Stored items
------------------------------------------------

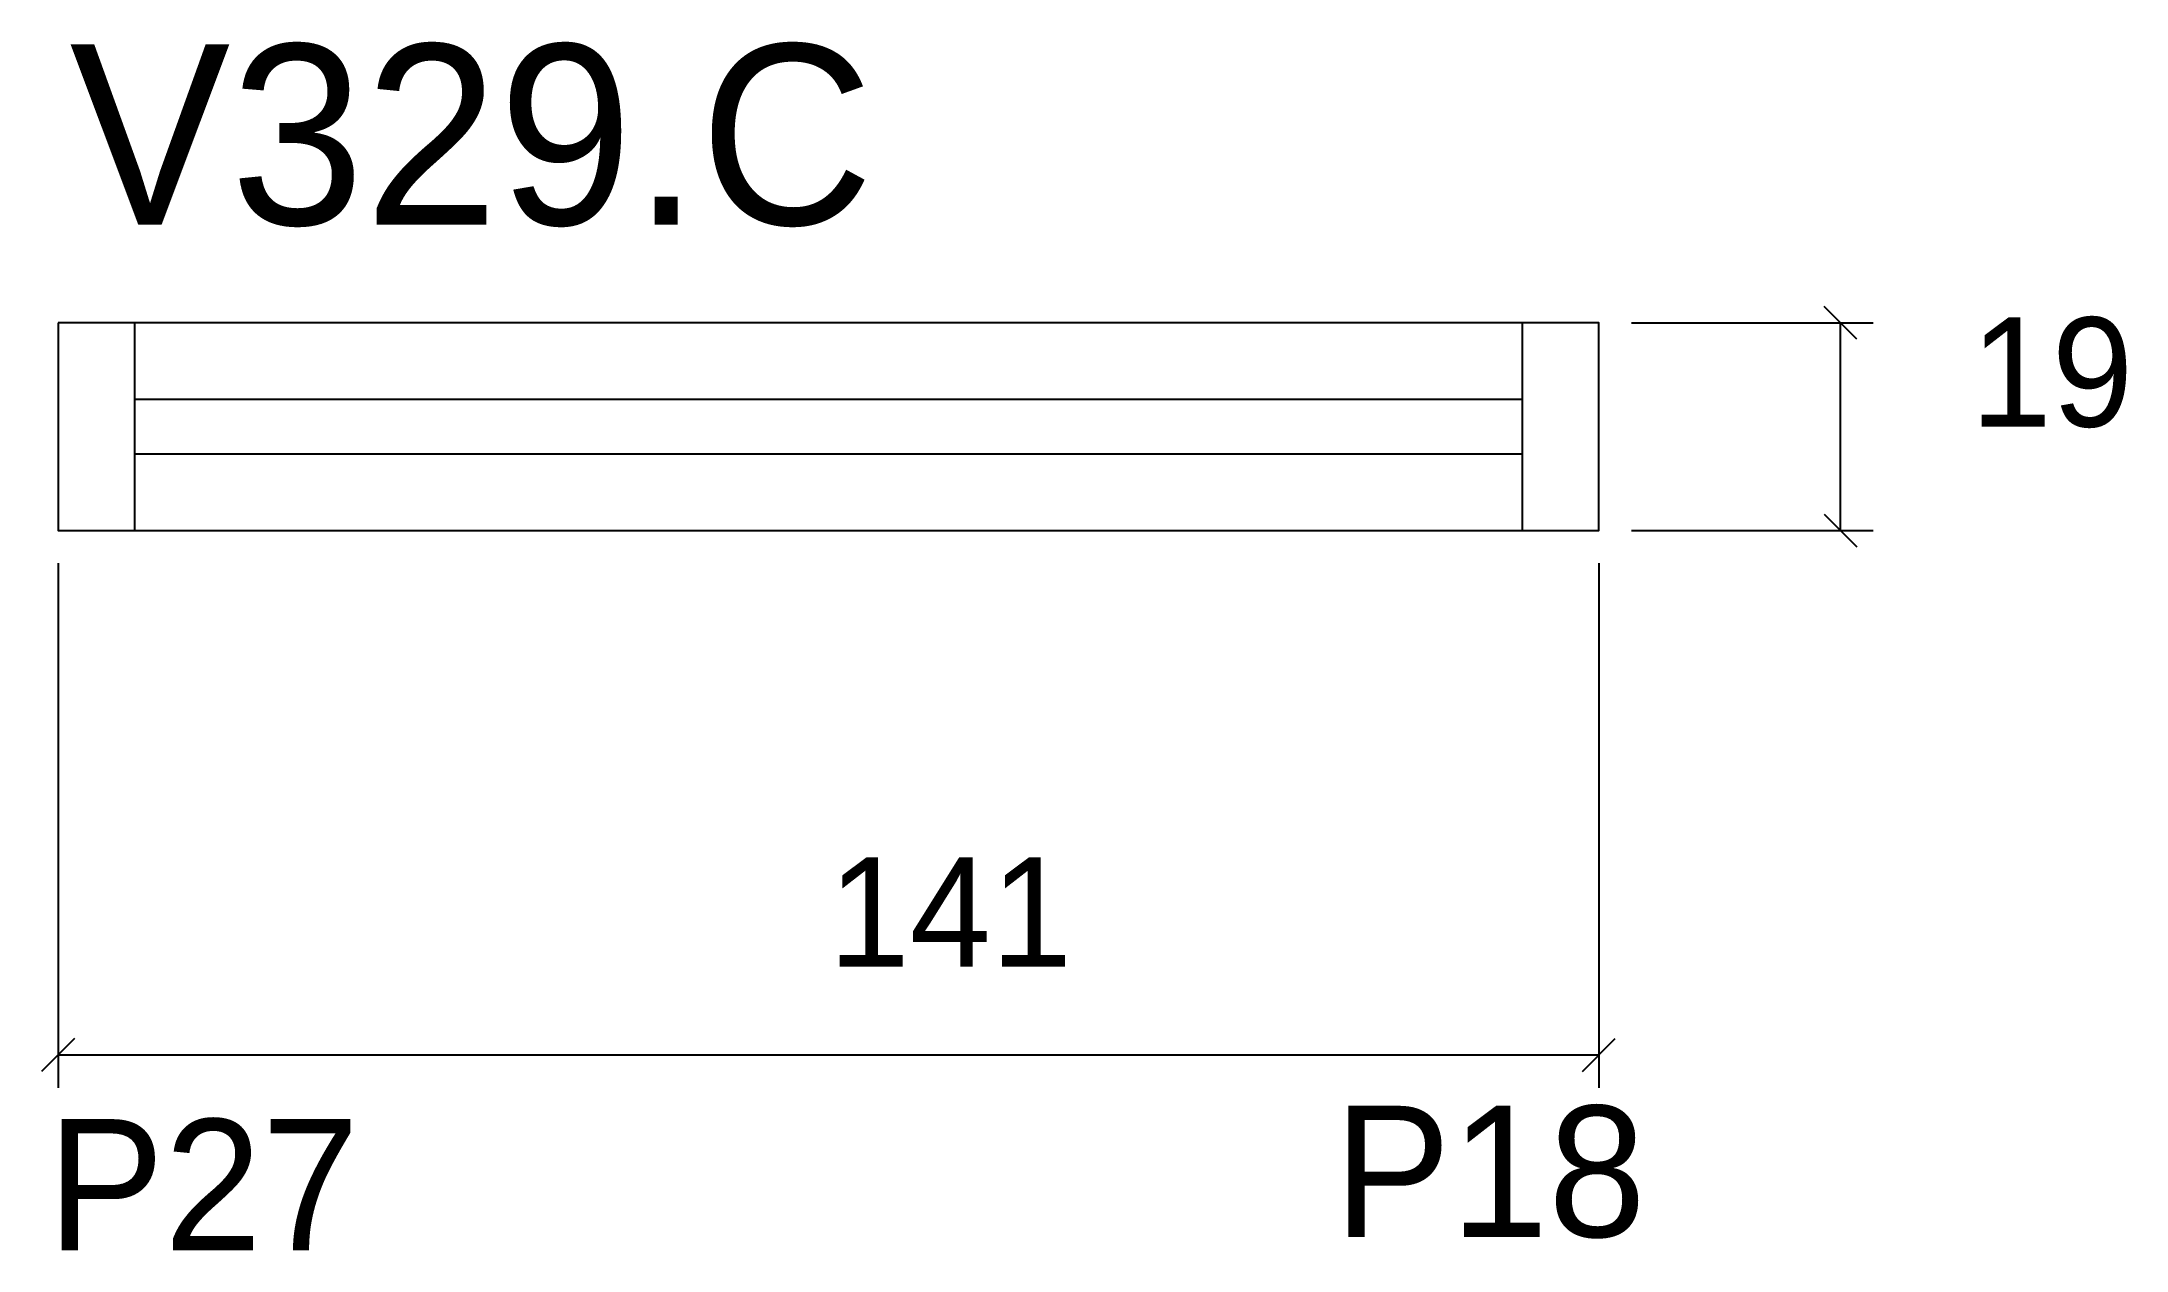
# Model space of a CAD drawing. Header units: metres. Extents: x 4309 to 4499, y -162 to -51.
import ezdxf

# ---------------------------------------------------------------- set-up
doc = ezdxf.new("R2010")
doc.units = ezdxf.units.M

msp = doc.modelspace()

# ---------------------------------------------------------------- linework, layer by layer
at = {"layer": 'COTA'}
for p, q in [((4474.64, -78.46), (4471.64, -75.46)), ((4471.64, -94.46), (4474.64, -97.46)), ((4311.52, -142.45), (4308.52, -145.45)), ((4449.52, -145.45), (4452.52, -142.45))]:
    msp.add_line(p, q, dxfattribs=at)
at = {"layer": 'COTA', "color": 4}
for p, q in [((4454.02, -76.96), (4476.14, -76.96)), ((4473.14, -95.96), (4473.14, -76.96)), ((4454.02, -95.96), (4476.14, -95.96)), ((4310.02, -98.96), (4310.02, -146.95)), ((4451.02, -98.96), (4451.02, -146.95)), ((4310.02, -143.95), (4451.02, -143.95))]:
    msp.add_line(p, q, dxfattribs=at)
at = {"layer": 'Painéis', "color": 200}
msp.add_lwpolyline([(4310.02, -76.96), (4310.02, -95.96), (4451.02, -95.96), (4451.02, -76.96), (4310.02, -76.96)], dxfattribs=at)
at = {"layer": 'SARR_2.2x7', "color": 40}
for p, q in [((4317.02, -76.96), (4317.02, -95.96)), ((4444.02, -76.96), (4444.02, -95.96)), ((4444.02, -83.96), (4317.02, -83.96)), ((4317.02, -88.96), (4444.02, -88.96))]:
    msp.add_line(p, q, dxfattribs=at)

# ---------------------------------------------------------------- texts
at = {"layer": '5', "color": 5}
for s, p in [('P18', (4426.77, -160.6)), ('P27', (4309.03, -161.82))]:
    msp.add_text(s, height=12, dxfattribs=at).set_placement(p)
at = {"layer": 'COTA', "color": 240}
for s, p in [('19', (4485.05, -86.46)), ('141', (4380.52, -135.88))]:
    msp.add_text(s, height=10, dxfattribs=at).set_placement(p)
at = {"layer": 'NOMENCLATURA', "color": 7}
msp.add_text('V329.C', height=16.5, dxfattribs=at).set_placement((4311.07, -67.98))

doc.saveas('drawing.dxf')

------------------------------------------------

If a line in the entries above contains "units", include it in the count, then report only the total.

2